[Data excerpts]
____
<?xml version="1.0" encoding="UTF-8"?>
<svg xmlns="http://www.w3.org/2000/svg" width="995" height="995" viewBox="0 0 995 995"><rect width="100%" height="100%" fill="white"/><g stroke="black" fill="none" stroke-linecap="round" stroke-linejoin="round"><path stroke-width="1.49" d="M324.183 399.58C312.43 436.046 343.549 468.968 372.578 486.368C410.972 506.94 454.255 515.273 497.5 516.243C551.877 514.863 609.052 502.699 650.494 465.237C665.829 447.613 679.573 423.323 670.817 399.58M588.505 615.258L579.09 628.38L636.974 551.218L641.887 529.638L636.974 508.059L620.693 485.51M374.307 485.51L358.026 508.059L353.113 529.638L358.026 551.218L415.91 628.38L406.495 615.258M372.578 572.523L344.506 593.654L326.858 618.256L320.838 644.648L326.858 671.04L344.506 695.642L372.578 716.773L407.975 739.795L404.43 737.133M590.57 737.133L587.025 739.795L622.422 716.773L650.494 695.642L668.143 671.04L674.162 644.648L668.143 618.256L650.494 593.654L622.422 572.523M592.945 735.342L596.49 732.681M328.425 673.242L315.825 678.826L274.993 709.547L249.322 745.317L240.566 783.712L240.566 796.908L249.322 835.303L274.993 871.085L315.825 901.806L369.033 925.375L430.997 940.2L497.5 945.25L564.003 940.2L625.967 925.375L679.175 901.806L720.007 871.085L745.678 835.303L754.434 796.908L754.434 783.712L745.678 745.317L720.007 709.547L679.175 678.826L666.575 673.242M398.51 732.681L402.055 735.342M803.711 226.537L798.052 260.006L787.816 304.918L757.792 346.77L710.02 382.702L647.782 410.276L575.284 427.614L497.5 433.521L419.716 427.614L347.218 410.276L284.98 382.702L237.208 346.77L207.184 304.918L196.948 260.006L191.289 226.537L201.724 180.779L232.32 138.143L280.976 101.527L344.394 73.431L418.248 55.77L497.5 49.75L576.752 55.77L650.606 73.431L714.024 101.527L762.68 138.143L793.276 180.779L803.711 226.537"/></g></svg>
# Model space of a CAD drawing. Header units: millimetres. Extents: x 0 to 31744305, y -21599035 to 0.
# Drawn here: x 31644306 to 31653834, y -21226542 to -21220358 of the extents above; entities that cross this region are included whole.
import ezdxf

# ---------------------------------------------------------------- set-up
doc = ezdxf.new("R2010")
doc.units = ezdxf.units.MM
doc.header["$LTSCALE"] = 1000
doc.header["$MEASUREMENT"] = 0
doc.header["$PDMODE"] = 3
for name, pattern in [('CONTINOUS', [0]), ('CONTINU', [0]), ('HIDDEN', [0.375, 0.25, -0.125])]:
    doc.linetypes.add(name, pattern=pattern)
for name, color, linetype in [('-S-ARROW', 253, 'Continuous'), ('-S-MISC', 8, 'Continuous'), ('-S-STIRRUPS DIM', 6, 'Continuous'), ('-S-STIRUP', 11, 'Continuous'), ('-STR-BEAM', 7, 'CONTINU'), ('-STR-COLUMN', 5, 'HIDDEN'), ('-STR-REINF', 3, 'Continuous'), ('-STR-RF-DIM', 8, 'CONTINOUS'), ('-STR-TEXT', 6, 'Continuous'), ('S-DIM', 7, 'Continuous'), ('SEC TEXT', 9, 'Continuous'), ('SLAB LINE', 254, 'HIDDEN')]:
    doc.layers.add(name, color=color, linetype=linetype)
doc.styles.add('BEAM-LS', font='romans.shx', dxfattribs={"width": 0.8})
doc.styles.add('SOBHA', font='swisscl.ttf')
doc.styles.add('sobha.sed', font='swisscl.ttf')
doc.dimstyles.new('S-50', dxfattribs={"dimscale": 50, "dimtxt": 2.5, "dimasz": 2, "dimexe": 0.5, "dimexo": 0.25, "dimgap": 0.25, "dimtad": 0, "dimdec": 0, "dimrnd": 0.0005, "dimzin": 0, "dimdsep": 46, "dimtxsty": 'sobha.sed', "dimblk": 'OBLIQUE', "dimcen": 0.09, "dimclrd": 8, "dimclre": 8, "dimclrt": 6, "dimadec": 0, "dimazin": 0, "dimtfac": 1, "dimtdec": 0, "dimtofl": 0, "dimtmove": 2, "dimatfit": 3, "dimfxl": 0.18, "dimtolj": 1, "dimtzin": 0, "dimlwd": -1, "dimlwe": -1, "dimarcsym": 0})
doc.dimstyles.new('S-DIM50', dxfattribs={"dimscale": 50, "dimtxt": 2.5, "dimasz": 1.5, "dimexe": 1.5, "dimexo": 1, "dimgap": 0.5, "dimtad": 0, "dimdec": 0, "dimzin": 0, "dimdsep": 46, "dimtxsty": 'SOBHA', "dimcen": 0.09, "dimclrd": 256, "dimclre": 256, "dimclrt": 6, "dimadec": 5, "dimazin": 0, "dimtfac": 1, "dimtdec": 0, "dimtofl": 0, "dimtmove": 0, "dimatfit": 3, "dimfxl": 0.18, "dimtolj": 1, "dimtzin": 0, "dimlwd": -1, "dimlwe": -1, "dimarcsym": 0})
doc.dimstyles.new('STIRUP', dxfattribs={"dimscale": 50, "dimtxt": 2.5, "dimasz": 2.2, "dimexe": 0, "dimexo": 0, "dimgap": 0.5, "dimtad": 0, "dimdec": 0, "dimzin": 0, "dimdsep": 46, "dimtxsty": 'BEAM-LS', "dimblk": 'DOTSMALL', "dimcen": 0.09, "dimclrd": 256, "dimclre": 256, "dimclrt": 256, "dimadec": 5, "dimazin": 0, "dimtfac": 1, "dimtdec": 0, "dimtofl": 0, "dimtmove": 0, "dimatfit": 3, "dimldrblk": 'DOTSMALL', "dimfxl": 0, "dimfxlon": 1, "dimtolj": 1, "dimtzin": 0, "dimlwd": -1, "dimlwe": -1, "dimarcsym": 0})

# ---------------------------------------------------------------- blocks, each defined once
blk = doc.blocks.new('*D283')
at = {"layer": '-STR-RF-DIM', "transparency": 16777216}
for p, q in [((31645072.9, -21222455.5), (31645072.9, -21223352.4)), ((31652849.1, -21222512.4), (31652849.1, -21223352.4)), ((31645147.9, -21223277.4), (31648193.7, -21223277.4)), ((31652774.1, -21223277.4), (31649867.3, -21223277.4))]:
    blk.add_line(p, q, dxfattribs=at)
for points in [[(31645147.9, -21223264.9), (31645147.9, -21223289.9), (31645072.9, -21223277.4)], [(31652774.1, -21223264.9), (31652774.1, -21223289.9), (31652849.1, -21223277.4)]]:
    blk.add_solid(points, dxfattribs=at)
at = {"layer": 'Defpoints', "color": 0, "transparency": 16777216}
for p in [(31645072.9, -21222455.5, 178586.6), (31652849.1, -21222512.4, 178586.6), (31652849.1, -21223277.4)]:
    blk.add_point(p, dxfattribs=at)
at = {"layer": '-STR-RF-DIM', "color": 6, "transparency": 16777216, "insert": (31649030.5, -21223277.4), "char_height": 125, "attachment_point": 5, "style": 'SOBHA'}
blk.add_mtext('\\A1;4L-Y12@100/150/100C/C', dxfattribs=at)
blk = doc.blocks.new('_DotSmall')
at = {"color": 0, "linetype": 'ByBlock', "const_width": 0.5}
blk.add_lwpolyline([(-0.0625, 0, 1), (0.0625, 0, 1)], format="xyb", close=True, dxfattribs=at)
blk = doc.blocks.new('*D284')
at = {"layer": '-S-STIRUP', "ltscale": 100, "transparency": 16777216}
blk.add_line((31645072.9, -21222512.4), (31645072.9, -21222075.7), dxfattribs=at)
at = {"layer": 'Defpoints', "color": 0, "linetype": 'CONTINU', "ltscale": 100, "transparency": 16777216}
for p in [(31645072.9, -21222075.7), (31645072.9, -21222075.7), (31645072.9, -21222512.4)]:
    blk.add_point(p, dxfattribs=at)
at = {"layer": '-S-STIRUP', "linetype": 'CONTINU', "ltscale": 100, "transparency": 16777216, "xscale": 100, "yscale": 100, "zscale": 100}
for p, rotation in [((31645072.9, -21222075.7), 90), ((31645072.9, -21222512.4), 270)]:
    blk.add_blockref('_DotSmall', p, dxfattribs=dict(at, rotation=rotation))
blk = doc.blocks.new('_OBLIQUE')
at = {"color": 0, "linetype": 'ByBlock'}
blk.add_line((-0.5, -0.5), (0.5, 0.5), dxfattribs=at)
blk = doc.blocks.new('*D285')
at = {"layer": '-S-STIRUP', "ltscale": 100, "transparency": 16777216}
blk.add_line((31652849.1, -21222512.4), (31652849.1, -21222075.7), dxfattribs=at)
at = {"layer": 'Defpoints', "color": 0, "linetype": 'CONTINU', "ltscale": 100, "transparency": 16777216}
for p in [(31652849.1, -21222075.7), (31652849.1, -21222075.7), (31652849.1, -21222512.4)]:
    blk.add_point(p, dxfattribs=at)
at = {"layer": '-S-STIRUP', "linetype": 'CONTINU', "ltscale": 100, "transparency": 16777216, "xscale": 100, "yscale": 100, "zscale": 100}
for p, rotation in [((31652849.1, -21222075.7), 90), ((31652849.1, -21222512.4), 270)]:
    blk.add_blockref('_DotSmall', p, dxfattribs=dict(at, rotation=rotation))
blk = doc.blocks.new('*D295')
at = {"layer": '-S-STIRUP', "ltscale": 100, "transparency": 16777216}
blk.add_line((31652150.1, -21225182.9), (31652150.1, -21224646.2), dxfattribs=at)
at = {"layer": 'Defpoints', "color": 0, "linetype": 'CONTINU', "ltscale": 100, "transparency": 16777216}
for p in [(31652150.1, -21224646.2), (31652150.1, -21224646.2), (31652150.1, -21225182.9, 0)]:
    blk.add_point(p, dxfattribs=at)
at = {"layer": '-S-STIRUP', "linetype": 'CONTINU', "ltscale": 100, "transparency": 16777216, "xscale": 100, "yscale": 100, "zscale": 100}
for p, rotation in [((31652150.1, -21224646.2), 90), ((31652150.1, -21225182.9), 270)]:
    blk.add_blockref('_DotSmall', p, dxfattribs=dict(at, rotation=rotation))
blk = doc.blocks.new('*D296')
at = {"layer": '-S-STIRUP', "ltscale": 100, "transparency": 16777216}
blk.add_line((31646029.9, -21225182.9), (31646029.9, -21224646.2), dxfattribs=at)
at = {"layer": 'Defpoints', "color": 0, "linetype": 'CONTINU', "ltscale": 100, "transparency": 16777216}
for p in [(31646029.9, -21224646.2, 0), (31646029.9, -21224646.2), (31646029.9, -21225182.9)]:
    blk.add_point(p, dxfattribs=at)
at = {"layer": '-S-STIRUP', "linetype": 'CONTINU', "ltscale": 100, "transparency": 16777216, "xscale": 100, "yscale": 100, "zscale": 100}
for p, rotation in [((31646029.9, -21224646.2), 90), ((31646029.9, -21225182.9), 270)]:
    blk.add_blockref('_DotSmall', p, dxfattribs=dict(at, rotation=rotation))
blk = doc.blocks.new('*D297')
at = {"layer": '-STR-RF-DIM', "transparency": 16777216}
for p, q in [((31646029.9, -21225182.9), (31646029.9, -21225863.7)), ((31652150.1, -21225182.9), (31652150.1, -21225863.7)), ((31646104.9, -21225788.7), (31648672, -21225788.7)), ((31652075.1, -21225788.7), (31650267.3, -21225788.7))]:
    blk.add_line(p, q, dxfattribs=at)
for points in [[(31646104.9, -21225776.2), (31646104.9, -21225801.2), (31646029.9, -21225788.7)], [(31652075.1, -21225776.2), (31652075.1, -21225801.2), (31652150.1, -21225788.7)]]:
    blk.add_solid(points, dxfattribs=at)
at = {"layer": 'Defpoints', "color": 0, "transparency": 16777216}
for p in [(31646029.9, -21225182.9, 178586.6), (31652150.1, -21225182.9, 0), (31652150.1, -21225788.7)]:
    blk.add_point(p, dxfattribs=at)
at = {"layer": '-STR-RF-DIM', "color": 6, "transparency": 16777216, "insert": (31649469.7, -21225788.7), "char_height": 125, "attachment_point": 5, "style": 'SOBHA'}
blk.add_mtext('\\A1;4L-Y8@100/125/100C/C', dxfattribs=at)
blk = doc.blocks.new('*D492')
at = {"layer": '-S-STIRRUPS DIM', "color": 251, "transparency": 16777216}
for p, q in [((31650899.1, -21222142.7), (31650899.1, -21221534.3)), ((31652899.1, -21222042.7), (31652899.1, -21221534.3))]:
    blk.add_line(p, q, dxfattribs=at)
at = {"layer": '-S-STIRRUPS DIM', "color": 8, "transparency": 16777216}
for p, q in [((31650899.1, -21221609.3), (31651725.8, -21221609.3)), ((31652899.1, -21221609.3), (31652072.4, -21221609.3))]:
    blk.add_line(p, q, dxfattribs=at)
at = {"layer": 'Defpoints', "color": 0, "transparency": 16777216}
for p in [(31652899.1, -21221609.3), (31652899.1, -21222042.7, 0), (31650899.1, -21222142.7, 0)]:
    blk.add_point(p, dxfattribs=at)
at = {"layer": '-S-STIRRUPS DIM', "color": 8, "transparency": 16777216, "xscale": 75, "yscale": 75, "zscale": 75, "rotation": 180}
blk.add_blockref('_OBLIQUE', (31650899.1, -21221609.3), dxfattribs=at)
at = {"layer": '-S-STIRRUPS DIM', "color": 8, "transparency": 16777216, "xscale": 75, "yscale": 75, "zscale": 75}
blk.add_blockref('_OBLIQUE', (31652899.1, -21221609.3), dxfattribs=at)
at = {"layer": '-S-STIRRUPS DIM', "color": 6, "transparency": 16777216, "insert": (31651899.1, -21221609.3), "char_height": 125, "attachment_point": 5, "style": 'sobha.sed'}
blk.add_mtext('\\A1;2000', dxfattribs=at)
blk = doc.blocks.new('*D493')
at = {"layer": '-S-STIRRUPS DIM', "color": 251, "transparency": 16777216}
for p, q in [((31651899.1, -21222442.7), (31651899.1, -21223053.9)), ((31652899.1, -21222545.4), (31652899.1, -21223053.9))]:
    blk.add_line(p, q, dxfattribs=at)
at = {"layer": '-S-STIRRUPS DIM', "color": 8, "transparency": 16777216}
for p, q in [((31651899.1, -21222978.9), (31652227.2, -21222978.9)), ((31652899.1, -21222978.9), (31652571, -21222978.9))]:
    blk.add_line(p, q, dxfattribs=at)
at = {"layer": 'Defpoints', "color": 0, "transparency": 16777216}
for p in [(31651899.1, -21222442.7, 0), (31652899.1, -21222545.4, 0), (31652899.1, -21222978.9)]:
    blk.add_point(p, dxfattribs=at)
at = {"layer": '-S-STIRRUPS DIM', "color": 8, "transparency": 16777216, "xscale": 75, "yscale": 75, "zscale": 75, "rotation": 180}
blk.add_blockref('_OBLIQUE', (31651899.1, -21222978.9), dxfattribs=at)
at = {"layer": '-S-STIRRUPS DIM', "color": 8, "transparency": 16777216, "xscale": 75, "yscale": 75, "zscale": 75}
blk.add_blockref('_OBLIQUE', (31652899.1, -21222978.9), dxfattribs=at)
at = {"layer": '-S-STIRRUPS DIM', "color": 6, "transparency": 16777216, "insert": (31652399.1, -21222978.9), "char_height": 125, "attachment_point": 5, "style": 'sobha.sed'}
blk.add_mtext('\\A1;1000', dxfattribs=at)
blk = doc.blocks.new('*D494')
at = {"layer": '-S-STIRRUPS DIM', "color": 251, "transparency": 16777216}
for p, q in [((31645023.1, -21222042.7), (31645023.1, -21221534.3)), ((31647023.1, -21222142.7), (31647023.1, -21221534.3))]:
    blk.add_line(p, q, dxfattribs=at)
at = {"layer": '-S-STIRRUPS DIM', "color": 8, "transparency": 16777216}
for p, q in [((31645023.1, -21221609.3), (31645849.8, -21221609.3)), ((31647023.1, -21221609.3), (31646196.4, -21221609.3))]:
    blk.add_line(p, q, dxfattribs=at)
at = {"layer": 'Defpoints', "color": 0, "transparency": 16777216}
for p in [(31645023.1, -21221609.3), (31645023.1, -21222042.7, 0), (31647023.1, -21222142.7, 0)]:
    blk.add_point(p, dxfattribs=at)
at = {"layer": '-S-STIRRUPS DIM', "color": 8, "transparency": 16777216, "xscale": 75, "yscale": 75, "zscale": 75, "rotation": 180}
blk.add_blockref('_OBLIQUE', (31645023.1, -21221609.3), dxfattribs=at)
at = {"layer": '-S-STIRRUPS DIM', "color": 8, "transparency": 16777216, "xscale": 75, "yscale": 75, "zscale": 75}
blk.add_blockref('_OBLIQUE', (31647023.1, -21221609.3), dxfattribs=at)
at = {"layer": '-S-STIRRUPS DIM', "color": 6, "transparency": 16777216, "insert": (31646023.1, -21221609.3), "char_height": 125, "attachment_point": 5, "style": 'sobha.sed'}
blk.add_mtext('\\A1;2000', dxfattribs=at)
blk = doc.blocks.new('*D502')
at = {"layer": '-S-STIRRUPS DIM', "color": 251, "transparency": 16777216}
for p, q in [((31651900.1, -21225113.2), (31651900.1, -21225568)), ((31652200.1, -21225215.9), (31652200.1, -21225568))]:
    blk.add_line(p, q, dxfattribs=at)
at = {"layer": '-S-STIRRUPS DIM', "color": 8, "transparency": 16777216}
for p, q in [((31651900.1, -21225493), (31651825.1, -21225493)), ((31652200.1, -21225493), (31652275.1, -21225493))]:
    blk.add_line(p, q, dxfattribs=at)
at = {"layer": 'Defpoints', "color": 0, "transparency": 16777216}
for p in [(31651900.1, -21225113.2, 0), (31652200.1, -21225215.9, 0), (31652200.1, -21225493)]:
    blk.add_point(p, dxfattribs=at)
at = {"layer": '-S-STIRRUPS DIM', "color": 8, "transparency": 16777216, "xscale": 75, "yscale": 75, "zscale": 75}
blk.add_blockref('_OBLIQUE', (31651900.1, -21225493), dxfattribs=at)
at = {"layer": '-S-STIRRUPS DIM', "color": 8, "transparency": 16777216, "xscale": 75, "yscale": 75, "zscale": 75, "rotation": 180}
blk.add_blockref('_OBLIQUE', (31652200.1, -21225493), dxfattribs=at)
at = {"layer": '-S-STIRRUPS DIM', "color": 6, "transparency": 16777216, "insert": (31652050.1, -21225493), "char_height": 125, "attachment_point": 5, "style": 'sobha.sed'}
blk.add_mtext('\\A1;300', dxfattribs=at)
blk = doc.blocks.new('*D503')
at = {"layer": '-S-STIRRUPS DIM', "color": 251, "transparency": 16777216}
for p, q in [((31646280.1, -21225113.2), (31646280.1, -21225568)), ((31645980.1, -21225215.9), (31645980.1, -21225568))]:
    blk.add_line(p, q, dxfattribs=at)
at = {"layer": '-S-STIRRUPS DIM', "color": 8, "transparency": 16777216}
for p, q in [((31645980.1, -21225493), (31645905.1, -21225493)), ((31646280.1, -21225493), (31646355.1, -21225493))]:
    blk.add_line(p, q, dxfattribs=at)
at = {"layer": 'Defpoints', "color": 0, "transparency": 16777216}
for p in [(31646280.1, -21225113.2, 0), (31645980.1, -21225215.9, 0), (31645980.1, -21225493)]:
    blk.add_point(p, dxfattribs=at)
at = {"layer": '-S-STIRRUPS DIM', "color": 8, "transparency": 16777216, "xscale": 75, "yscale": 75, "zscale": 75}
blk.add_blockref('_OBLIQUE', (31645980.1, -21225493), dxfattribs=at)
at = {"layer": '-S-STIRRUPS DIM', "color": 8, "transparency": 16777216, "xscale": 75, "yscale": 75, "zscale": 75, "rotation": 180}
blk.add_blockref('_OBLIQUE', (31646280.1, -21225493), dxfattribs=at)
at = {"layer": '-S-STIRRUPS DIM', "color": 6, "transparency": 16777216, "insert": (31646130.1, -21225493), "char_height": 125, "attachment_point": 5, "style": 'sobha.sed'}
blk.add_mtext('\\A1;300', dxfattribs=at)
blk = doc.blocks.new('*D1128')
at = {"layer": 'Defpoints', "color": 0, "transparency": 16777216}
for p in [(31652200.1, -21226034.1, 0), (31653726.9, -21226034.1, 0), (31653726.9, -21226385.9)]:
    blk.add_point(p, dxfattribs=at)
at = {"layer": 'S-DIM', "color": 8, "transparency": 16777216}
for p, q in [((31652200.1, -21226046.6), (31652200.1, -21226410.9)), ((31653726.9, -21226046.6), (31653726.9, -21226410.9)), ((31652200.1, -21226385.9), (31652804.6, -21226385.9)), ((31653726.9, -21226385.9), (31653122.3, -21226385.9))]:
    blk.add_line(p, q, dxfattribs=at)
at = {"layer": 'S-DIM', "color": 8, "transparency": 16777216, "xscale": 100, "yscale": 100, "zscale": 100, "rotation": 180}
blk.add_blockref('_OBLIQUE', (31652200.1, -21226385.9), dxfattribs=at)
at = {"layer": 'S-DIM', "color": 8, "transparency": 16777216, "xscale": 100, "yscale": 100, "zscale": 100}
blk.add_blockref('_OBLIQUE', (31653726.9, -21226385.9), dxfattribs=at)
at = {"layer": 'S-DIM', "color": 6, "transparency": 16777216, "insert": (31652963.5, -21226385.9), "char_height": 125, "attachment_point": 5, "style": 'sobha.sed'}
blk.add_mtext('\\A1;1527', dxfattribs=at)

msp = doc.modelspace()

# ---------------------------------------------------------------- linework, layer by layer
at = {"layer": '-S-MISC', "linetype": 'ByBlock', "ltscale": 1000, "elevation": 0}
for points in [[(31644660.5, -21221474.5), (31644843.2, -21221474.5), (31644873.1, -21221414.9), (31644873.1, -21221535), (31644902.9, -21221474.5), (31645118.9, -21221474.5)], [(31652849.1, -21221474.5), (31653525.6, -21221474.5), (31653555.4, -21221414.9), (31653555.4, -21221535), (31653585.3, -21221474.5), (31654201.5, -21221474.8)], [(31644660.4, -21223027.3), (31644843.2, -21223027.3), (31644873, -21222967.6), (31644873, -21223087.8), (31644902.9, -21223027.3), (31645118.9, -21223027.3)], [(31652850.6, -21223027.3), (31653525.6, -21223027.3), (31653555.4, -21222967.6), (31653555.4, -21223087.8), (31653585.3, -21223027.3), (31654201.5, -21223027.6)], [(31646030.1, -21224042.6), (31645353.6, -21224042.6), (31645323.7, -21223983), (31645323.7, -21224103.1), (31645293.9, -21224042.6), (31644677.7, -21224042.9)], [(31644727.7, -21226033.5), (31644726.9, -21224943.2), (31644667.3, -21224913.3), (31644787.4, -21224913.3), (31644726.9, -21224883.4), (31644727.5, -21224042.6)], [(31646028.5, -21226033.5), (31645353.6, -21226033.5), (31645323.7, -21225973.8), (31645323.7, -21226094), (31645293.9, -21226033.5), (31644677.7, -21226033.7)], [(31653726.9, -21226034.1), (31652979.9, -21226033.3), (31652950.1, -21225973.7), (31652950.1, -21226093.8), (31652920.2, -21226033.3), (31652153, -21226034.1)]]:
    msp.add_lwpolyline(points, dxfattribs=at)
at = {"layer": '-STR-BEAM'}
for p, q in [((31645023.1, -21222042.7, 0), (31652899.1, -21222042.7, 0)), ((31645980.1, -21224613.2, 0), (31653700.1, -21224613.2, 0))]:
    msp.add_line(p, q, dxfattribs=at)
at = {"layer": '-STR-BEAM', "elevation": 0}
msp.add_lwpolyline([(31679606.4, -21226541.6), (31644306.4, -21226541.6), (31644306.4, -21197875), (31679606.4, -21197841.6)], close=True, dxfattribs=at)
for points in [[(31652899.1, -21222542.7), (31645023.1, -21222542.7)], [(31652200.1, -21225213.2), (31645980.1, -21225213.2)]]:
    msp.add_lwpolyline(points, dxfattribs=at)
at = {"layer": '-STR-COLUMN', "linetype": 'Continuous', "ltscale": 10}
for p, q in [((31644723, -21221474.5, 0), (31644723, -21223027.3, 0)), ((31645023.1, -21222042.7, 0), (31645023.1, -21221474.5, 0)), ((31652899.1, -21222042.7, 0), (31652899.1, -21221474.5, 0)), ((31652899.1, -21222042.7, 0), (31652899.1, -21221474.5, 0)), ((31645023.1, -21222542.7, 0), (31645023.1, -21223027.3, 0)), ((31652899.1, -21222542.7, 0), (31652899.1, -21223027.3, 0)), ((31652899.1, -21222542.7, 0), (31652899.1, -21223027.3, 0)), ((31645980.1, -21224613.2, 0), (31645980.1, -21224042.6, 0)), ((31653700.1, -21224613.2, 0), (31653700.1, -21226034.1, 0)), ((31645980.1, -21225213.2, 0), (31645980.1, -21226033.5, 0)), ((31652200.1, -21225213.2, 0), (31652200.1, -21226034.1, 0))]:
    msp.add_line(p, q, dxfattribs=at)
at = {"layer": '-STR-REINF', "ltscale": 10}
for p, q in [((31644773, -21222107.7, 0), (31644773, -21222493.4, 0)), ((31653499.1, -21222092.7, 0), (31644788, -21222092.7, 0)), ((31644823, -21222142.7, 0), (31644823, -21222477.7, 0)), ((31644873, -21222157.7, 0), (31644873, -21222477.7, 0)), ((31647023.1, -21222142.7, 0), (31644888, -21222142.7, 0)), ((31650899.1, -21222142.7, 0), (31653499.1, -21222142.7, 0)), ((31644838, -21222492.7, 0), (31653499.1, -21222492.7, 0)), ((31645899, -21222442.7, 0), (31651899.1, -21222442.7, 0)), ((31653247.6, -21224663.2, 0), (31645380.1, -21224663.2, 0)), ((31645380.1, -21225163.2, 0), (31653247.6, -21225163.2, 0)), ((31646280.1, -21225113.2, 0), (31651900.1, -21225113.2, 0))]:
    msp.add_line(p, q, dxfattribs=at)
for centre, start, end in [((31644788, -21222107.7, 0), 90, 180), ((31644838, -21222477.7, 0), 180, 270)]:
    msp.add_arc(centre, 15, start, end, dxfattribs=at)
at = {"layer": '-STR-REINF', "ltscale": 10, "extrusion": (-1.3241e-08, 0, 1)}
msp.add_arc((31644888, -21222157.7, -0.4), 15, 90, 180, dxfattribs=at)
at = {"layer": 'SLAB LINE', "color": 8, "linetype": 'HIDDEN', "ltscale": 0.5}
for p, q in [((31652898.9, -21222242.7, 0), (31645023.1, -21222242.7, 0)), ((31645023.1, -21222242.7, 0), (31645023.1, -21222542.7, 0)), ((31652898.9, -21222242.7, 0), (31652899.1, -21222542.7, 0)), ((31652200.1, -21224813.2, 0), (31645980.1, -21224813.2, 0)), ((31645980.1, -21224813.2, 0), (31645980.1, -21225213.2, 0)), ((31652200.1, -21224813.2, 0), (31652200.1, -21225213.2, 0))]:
____
◆ **Required action**: Output all lines from the beginning of the data up to the line holding "399.58C312.43 436.046 343.549", that line included, exactly as written.

◆ **Result**:
<?xml version="1.0" encoding="UTF-8"?>
<svg xmlns="http://www.w3.org/2000/svg" width="995" height="995" viewBox="0 0 995 995"><rect width="100%" height="100%" fill="white"/><g stroke="black" fill="none" stroke-linecap="round" stroke-linejoin="round"><path stroke-width="1.49" d="M324.183 399.58C312.43 436.046 343.549 468.968 372.578 486.368C410.972 506.94 454.255 515.273 497.5 516.243C551.877 514.863 609.052 502.699 650.494 465.237C665.829 447.613 679.573 423.323 670.817 399.58M588.505 615.258L579.09 628.38L636.974 551.218L641.887 529.638L636.974 508.059L620.693 485.51M374.307 485.51L358.026 508.059L353.113 529.638L358.026 551.218L415.91 628.38L406.495 615.258M372.578 572.523L344.506 593.654L326.858 618.256L320.838 644.648L326.858 671.04L344.506 695.642L372.578 716.773L407.975 739.795L404.43 737.133M590.57 737.133L587.025 739.795L622.422 716.773L650.494 695.642L668.143 671.04L674.162 644.648L668.143 618.256L650.494 593.654L622.422 572.523M592.945 735.342L596.49 732.681M328.425 673.242L315.825 678.826L274.993 709.547L249.322 745.317L240.566 783.712L240.566 796.908L249.322 835.303L274.993 871.085L315.825 901.806L369.033 925.375L430.997 940.2L497.5 945.25L564.003 940.2L625.967 925.375L679.175 901.806L720.007 871.085L745.678 835.303L754.434 796.908L754.434 783.712L745.678 745.317L720.007 709.547L679.175 678.826L666.575 673.242M398.51 732.681L402.055 735.342M803.711 226.537L798.052 260.006L787.816 304.918L757.792 346.77L710.02 382.702L647.782 410.276L575.284 427.614L497.5 433.521L419.716 427.614L347.218 410.276L284.98 382.702L237.208 346.77L207.184 304.918L196.948 260.006L191.289 226.537L201.724 180.779L232.32 138.143L280.976 101.527L344.394 73.431L418.248 55.77L497.5 49.75L576.752 55.77L650.606 73.431L714.024 101.527L762.68 138.143L793.276 180.779L803.711 226.537"/></g></svg>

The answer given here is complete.